Count the lines below that contain "view". Answer with the number alone.

─── RECORDS SUPPLIED ───

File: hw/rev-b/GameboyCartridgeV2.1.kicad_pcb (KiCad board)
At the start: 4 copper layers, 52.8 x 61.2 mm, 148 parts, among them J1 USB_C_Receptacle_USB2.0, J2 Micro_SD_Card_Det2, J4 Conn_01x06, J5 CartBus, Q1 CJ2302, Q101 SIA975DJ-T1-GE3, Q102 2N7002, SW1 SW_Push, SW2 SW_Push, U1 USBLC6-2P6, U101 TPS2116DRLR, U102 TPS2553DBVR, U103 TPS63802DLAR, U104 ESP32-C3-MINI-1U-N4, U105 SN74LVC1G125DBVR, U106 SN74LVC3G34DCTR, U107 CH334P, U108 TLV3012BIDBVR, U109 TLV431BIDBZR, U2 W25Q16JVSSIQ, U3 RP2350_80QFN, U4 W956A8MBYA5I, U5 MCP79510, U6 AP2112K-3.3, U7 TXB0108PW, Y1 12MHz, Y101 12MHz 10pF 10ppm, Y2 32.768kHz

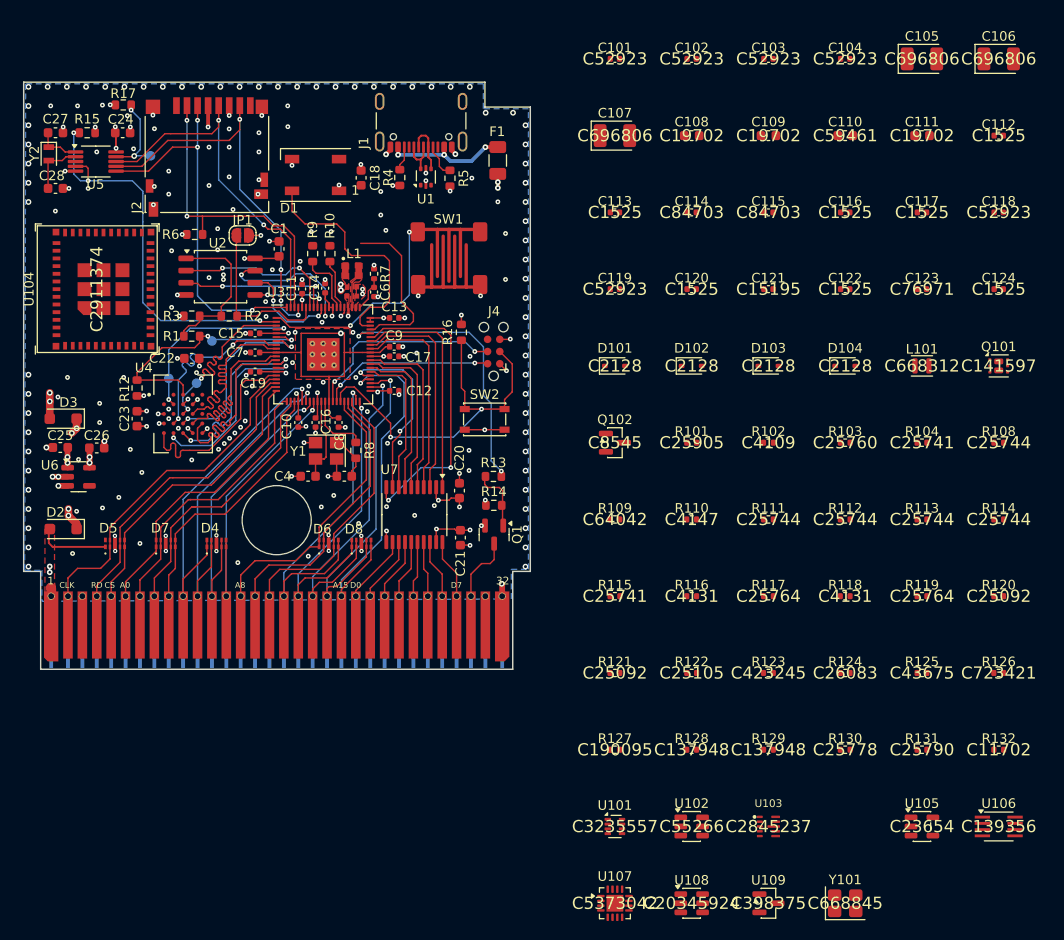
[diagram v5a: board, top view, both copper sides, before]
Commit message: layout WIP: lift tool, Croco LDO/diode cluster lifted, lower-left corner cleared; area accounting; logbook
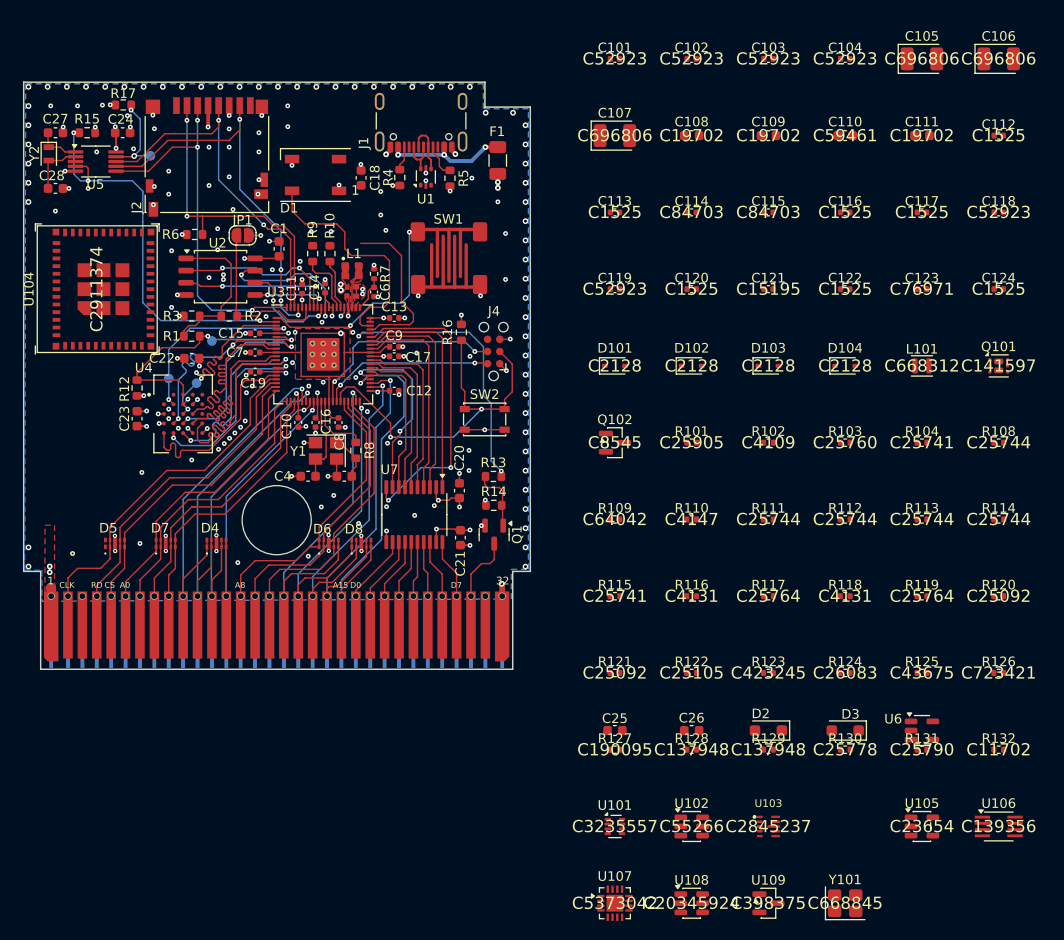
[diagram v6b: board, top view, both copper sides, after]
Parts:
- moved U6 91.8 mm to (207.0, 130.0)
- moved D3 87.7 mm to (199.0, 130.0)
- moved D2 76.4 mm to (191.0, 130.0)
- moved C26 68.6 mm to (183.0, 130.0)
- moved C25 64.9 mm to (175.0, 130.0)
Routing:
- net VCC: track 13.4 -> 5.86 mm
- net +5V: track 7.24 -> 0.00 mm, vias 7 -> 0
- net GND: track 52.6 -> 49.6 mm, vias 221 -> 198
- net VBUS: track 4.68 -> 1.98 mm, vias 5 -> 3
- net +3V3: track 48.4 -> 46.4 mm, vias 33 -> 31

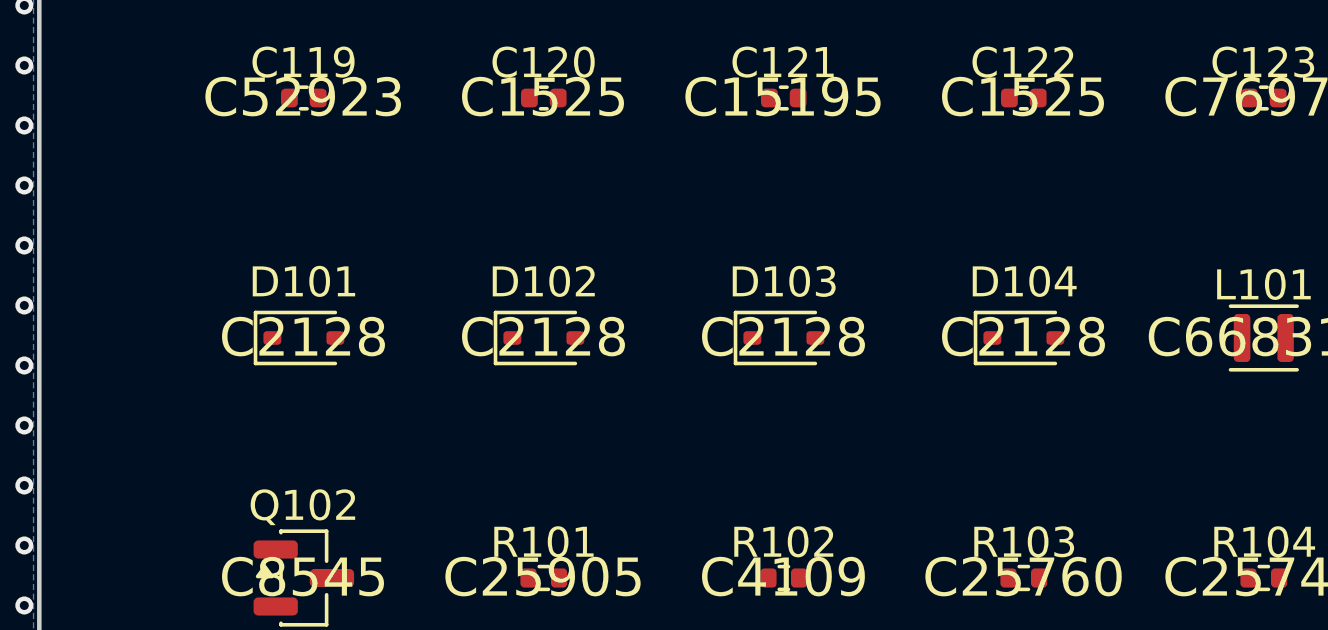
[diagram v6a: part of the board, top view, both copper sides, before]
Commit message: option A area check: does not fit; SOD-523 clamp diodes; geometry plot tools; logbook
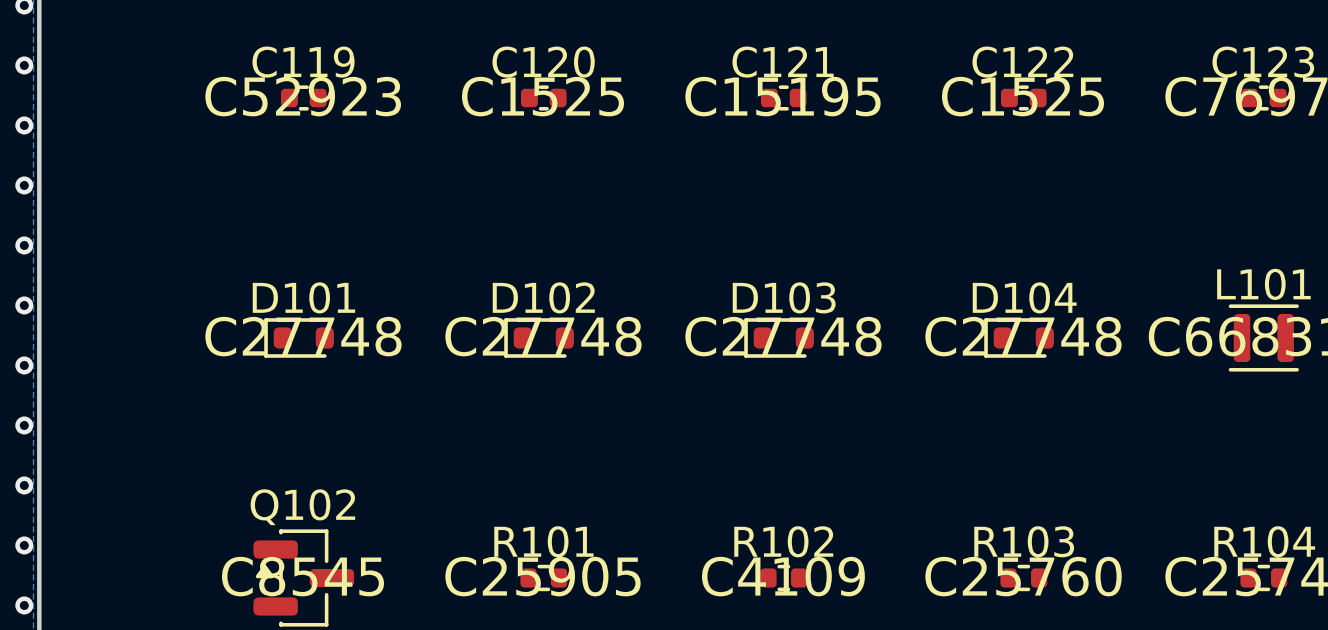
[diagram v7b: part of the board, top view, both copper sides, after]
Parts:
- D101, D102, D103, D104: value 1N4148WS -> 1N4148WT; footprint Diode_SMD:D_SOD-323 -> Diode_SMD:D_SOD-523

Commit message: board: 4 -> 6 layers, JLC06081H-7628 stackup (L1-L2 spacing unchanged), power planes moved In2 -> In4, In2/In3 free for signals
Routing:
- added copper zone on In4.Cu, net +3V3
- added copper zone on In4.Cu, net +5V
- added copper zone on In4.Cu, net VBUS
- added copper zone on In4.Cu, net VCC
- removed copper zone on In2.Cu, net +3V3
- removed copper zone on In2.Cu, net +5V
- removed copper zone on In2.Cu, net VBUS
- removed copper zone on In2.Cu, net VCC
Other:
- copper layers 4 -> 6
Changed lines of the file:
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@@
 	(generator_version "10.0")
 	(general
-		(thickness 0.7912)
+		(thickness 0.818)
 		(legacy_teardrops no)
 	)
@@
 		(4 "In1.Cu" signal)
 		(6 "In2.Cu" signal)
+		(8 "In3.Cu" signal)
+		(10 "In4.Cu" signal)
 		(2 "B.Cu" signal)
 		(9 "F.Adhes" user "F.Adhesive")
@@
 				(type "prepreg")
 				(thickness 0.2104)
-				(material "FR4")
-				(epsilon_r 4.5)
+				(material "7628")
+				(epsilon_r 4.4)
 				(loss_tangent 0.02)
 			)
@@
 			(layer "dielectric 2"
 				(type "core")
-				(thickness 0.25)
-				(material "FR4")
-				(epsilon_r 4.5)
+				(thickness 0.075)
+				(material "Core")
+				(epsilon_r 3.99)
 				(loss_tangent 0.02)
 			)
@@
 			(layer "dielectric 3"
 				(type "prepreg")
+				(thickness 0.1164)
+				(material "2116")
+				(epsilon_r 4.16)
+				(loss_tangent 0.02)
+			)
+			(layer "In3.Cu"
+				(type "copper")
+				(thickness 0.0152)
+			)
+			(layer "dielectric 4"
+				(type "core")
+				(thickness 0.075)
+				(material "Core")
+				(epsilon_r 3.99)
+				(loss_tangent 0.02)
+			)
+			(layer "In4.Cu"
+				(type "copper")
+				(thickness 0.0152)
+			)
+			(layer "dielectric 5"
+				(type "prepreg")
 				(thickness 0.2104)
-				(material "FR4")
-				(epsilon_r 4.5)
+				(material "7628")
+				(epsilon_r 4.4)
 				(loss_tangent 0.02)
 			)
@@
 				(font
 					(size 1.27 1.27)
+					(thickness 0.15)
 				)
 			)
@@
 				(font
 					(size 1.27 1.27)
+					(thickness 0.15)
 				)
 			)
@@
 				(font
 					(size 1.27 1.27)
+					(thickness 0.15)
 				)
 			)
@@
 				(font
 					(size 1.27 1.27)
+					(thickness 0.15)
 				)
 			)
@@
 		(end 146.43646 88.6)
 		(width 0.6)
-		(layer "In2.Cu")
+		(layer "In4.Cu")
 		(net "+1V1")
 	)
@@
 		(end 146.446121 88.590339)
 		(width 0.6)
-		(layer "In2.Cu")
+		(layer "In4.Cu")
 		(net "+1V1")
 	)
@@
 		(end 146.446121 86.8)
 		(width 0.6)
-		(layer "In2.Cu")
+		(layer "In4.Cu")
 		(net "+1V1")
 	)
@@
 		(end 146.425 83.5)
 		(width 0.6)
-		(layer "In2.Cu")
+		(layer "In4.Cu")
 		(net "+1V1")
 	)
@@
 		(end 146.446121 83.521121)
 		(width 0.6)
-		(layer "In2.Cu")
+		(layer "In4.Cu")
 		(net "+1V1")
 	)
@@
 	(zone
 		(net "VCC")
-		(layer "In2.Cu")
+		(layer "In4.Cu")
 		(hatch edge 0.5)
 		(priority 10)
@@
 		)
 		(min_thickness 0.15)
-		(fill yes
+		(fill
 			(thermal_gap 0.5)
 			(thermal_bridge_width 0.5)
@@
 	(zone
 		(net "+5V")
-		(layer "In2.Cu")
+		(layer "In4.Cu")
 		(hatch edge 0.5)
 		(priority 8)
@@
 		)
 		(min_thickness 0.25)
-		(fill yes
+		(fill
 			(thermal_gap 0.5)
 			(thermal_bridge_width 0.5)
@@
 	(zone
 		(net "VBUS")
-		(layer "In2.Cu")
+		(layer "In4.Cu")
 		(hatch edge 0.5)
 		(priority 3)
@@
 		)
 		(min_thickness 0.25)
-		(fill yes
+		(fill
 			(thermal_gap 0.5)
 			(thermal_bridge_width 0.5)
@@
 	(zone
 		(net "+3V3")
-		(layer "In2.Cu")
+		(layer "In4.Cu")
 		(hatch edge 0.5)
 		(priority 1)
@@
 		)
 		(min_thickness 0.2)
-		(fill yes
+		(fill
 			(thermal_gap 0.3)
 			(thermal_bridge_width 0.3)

───

REPLY TO THE EXERCISE | 4